__Directions for this task__: Each line of the records has to be copied exactly, though the pictures must be left out.

=== Begin Enclosure ===

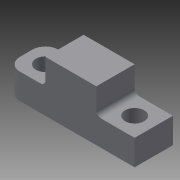
# Autodesk Inventor part: Mirror
Saved by Autodesk Inventor 2015 (Build 190159000, 159)
## iProperties
Created: 2015-02-24
Part Number: Mirror
Material: Generic
Document SubType Name: Modeling
Designer: PLTW-Stu-02
Density: 1 g/cm^3
Appearance: Default
Author: PLTW-Stu-02
Autodesk Inventor part; units mm, degrees
ref_plane "YZ Plane" through (0, 0, 0) normal (1, 0, 0) x (0, 1, 0)
ref_plane "XZ Plane" through (0, 0, 0) normal (0, 1, 0) x (-1, 0, 0)
ref_plane "XY Plane" through (0, 0, 0) normal (0, 0, 1) x (1, 0, 0)
sketch "Sketch1" plane through (0, 0, 0) normal (0, 0, 1) x (1, 0, 0)
  line L0 (43.4638, 27.4592) -> (30.7638, 27.4592)
  line L1 (30.7638, 27.4592) -> (30.7638, 14.7592)
  line L2 (43.4638, 14.7592) -> (43.4638, 27.4592)
  line L3 (30.7638, 14.7592) -> (11.7138, 14.7592)
  line L4 (11.7138, 14.7592) -> (11.7138, 2.0592)
  line L5 (11.7138, 2.0592) -> (43.4638, 2.0592)
  line L6 (43.4638, 2.0592) -> (43.4638, 14.7592)
  point P0 (0, 0)
  dimension "d1" = 12.7
  dimension "d2" = 31.75
  dimension "d3" = 12.7
  constraints: 14 end point, 3 parallel, 2 horizontal, 2 perpendicular
  measures "d1" distance of L1.end L0.end
  measures "d2" distance of L5.end L4.end
  measures "d3" distance of L4.end L3.end
extrude "Extrusion1" add sketch "Sketch1" along normal blind 19.05
fillet "Fillet1" radius 6.35 2 edges at (11.7138, 8.4092, 19.05) (11.7138, 8.4092, 0)
sketch "Sketch2" plane through (30.7638, 14.7592, 19.05) normal (0, 1, 0) x (1, 0, 0)
  circle A0 centre (-9.525, 9.525) radius 4.7625
  point P0 (-30.7638, 19.05)
  point P1 (-31.0867, 15.9672)
  dimension "d8" = 9.525
  constraints: 1 centre point, 1 coincident
  measures "d8" diameter of A0
hole "Hole1" at (21.2388, 14.7592, 9.525) at (-0.3229, 14.7592, 3.0828) at (21.2388, 14.7592, 9.525) direction (0, -1, 0) diameter 9.525 depth 25.4 tip angle 118
sketch "Sketch4" plane through (0, 0, 19.05) normal (0, 0, 1) x (1, 0, 0)
  line L0 (75.2138, 14.7592) -> (75.2138, 2.0592)
  line L1 (75.2138, 2.0592) -> (43.4638, 2.0592)
  line L2 (43.4638, 2.0592) -> (43.4638, 27.4592)
  line L3 (43.4638, 27.4592) -> (56.1638, 27.4592)
  line L4 (56.1638, 27.4592) -> (56.1638, 14.7592)
  line L5 (56.1638, 14.7592) -> (75.2138, 14.7592)
  point P0 (0, 0)
  dimension "d16" = 31.75
  dimension "d17" = 12.7
  constraints: 12 end point, 1 parallel, 1 vertical
  measures "d16" distance of L0.end L1.end
  measures "d17" distance of L2.end L3.end
extrude "Extrusion3" add sketch "Sketch4" against normal blind 19.05
sketch "Sketch6" plane through (56.1638, 14.7592, 19.05) normal (0, 1, 0) x (1, 0, 0)
  line L0 (-38.1, 19.05) -> (19.05, 19.05) projected
  point P0 (-56.1638, 19.05)
  point P1 (9.525, 9.525)
hole "Hole2" at (65.6888, 14.7592, 9.525) direction (0, -1, 0) diameter 9.525 end through all
fillet "Fillet4" radius 2.54 1 edges at (30.7638, 14.7592, 9.525)
fillet "Fillet5" radius 2.54 1 edges at (56.1638, 14.7592, 9.525)
body "Solid1"
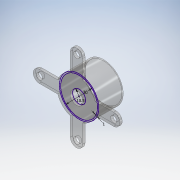
# Autodesk Inventor part: Pok Mk 3 Yaw Motor Mount
Saved by Autodesk Inventor 2018.2 (Build 222227000, 227)
## iProperties
Created: 2018-02-27
Part Number: Pok Mk 3 Yaw Motor Mount
Material: Generic
Document SubType Name: Modeling
Designer: Moochster
Density: 1 g/cm^3
Appearance: Light Gray Reflective
Author: Moochster
Autodesk Inventor part; units mm, degrees
ref_plane "YZ Plane" through (0, 0, 0) normal (1, 0, 0) x (0, 1, 0)
ref_plane "XZ Plane" through (0, 0, 0) normal (0, 1, 0) x (-1, 0, 0)
ref_plane "XY Plane" through (0, 0, 0) normal (0, 0, 1) x (1, 0, 0)
sketch "Sketch1" plane through (0, 0, 0) normal (0, 1, 0) x (-1, 0, 0)
  circle A0 centre (0, 0) radius 15
  circle A1 centre (0, 0) radius 16
  circle A2 centre (0, 0) radius 5.25
  dimension "d0" = 30
  dimension "d1" = 1
  dimension "d6" = 10.5
  constraints: 3 centre point, 3 coincident
  measures "d0" diameter of A0
  measures "d1" radial gap between concentric circles of A0 A1
  measures "d6" diameter of A2
extrude "Extrusion1" add sketch "Sketch1" along normal blind 20 contours A1
extrude "Extrusion2" add sketch "Sketch1" against normal blind 2 contours A0 | A1
sketch "Sketch3" plane through (0, -2, 0) normal (0, -1, 0) x (1, 0, 0)
  circle A0 centre (0, 0) radius 16 projected
  line L0 (15.1987, 5) -> (30.1987, 5)
  arc A1 (30.1987, -5) -> (30.1987, 5) centre (30.1987, 0) ccw
  line L1 (30.1987, -5) -> (15.1987, -5)
  circle A2 centre (30.1987, 0) radius 2.5
  dimension "d9" = 5
  dimension "d10" = 15
  dimension "d13" = 5
  constraints: 4 end point, 4 point on circle, 2 centre point, 2 tangent, 1 coincident, 1 horizontal, 1 horizontal alignment, 1 parallel
  measures "d9" distance from line of A1.centre L1
  measures "d10" distance of L1.start L1.end
  measures "d13" diameter of A2
extrude "Extrusion3" add sketch "Sketch3" against normal blind 2 contours A0 L0 A1 L1
pattern_circular "Circular Pattern1" count 4 over 360 about axis through (0, 0, 0) along (0, 1, 0) of "Extrusion3"
body "Solid1"

=== End Enclosure ===

__Answer to this problem__:
# Autodesk Inventor part: Mirror
Saved by Autodesk Inventor 2015 (Build 190159000, 159)
## iProperties
Created: 2015-02-24
Part Number: Mirror
Material: Generic
Document SubType Name: Modeling
Designer: PLTW-Stu-02
Density: 1 g/cm^3
Appearance: Default
Author: PLTW-Stu-02
Autodesk Inventor part; units mm, degrees
ref_plane "YZ Plane" through (0, 0, 0) normal (1, 0, 0) x (0, 1, 0)
ref_plane "XZ Plane" through (0, 0, 0) normal (0, 1, 0) x (-1, 0, 0)
ref_plane "XY Plane" through (0, 0, 0) normal (0, 0, 1) x (1, 0, 0)
sketch "Sketch1" plane through (0, 0, 0) normal (0, 0, 1) x (1, 0, 0)
  line L0 (43.4638, 27.4592) -> (30.7638, 27.4592)
  line L1 (30.7638, 27.4592) -> (30.7638, 14.7592)
  line L2 (43.4638, 14.7592) -> (43.4638, 27.4592)
  line L3 (30.7638, 14.7592) -> (11.7138, 14.7592)
  line L4 (11.7138, 14.7592) -> (11.7138, 2.0592)
  line L5 (11.7138, 2.0592) -> (43.4638, 2.0592)
  line L6 (43.4638, 2.0592) -> (43.4638, 14.7592)
  point P0 (0, 0)
  dimension "d1" = 12.7
  dimension "d2" = 31.75
  dimension "d3" = 12.7
  constraints: 14 end point, 3 parallel, 2 horizontal, 2 perpendicular
  measures "d1" distance of L1.end L0.end
  measures "d2" distance of L5.end L4.end
  measures "d3" distance of L4.end L3.end
extrude "Extrusion1" add sketch "Sketch1" along normal blind 19.05
fillet "Fillet1" radius 6.35 2 edges at (11.7138, 8.4092, 19.05) (11.7138, 8.4092, 0)
sketch "Sketch2" plane through (30.7638, 14.7592, 19.05) normal (0, 1, 0) x (1, 0, 0)
  circle A0 centre (-9.525, 9.525) radius 4.7625
  point P0 (-30.7638, 19.05)
  point P1 (-31.0867, 15.9672)
  dimension "d8" = 9.525
  constraints: 1 centre point, 1 coincident
  measures "d8" diameter of A0
hole "Hole1" at (21.2388, 14.7592, 9.525) at (-0.3229, 14.7592, 3.0828) at (21.2388, 14.7592, 9.525) direction (0, -1, 0) diameter 9.525 depth 25.4 tip angle 118
sketch "Sketch4" plane through (0, 0, 19.05) normal (0, 0, 1) x (1, 0, 0)
  line L0 (75.2138, 14.7592) -> (75.2138, 2.0592)
  line L1 (75.2138, 2.0592) -> (43.4638, 2.0592)
  line L2 (43.4638, 2.0592) -> (43.4638, 27.4592)
  line L3 (43.4638, 27.4592) -> (56.1638, 27.4592)
  line L4 (56.1638, 27.4592) -> (56.1638, 14.7592)
  line L5 (56.1638, 14.7592) -> (75.2138, 14.7592)
  point P0 (0, 0)
  dimension "d16" = 31.75
  dimension "d17" = 12.7
  constraints: 12 end point, 1 parallel, 1 vertical
  measures "d16" distance of L0.end L1.end
  measures "d17" distance of L2.end L3.end
extrude "Extrusion3" add sketch "Sketch4" against normal blind 19.05
sketch "Sketch6" plane through (56.1638, 14.7592, 19.05) normal (0, 1, 0) x (1, 0, 0)
  line L0 (-38.1, 19.05) -> (19.05, 19.05) projected
  point P0 (-56.1638, 19.05)
  point P1 (9.525, 9.525)
hole "Hole2" at (65.6888, 14.7592, 9.525) direction (0, -1, 0) diameter 9.525 end through all
fillet "Fillet4" radius 2.54 1 edges at (30.7638, 14.7592, 9.525)
fillet "Fillet5" radius 2.54 1 edges at (56.1638, 14.7592, 9.525)
body "Solid1"
# Autodesk Inventor part: Pok Mk 3 Yaw Motor Mount
Saved by Autodesk Inventor 2018.2 (Build 222227000, 227)
## iProperties
Created: 2018-02-27
Part Number: Pok Mk 3 Yaw Motor Mount
Material: Generic
Document SubType Name: Modeling
Designer: Moochster
Density: 1 g/cm^3
Appearance: Light Gray Reflective
Author: Moochster
Autodesk Inventor part; units mm, degrees
ref_plane "YZ Plane" through (0, 0, 0) normal (1, 0, 0) x (0, 1, 0)
ref_plane "XZ Plane" through (0, 0, 0) normal (0, 1, 0) x (-1, 0, 0)
ref_plane "XY Plane" through (0, 0, 0) normal (0, 0, 1) x (1, 0, 0)
sketch "Sketch1" plane through (0, 0, 0) normal (0, 1, 0) x (-1, 0, 0)
  circle A0 centre (0, 0) radius 15
  circle A1 centre (0, 0) radius 16
  circle A2 centre (0, 0) radius 5.25
  dimension "d0" = 30
  dimension "d1" = 1
  dimension "d6" = 10.5
  constraints: 3 centre point, 3 coincident
  measures "d0" diameter of A0
  measures "d1" radial gap between concentric circles of A0 A1
  measures "d6" diameter of A2
extrude "Extrusion1" add sketch "Sketch1" along normal blind 20 contours A1
extrude "Extrusion2" add sketch "Sketch1" against normal blind 2 contours A0 | A1
sketch "Sketch3" plane through (0, -2, 0) normal (0, -1, 0) x (1, 0, 0)
  circle A0 centre (0, 0) radius 16 projected
  line L0 (15.1987, 5) -> (30.1987, 5)
  arc A1 (30.1987, -5) -> (30.1987, 5) centre (30.1987, 0) ccw
  line L1 (30.1987, -5) -> (15.1987, -5)
  circle A2 centre (30.1987, 0) radius 2.5
  dimension "d9" = 5
  dimension "d10" = 15
  dimension "d13" = 5
  constraints: 4 end point, 4 point on circle, 2 centre point, 2 tangent, 1 coincident, 1 horizontal, 1 horizontal alignment, 1 parallel
  measures "d9" distance from line of A1.centre L1
  measures "d10" distance of L1.start L1.end
  measures "d13" diameter of A2
extrude "Extrusion3" add sketch "Sketch3" against normal blind 2 contours A0 L0 A1 L1
pattern_circular "Circular Pattern1" count 4 over 360 about axis through (0, 0, 0) along (0, 1, 0) of "Extrusion3"
body "Solid1"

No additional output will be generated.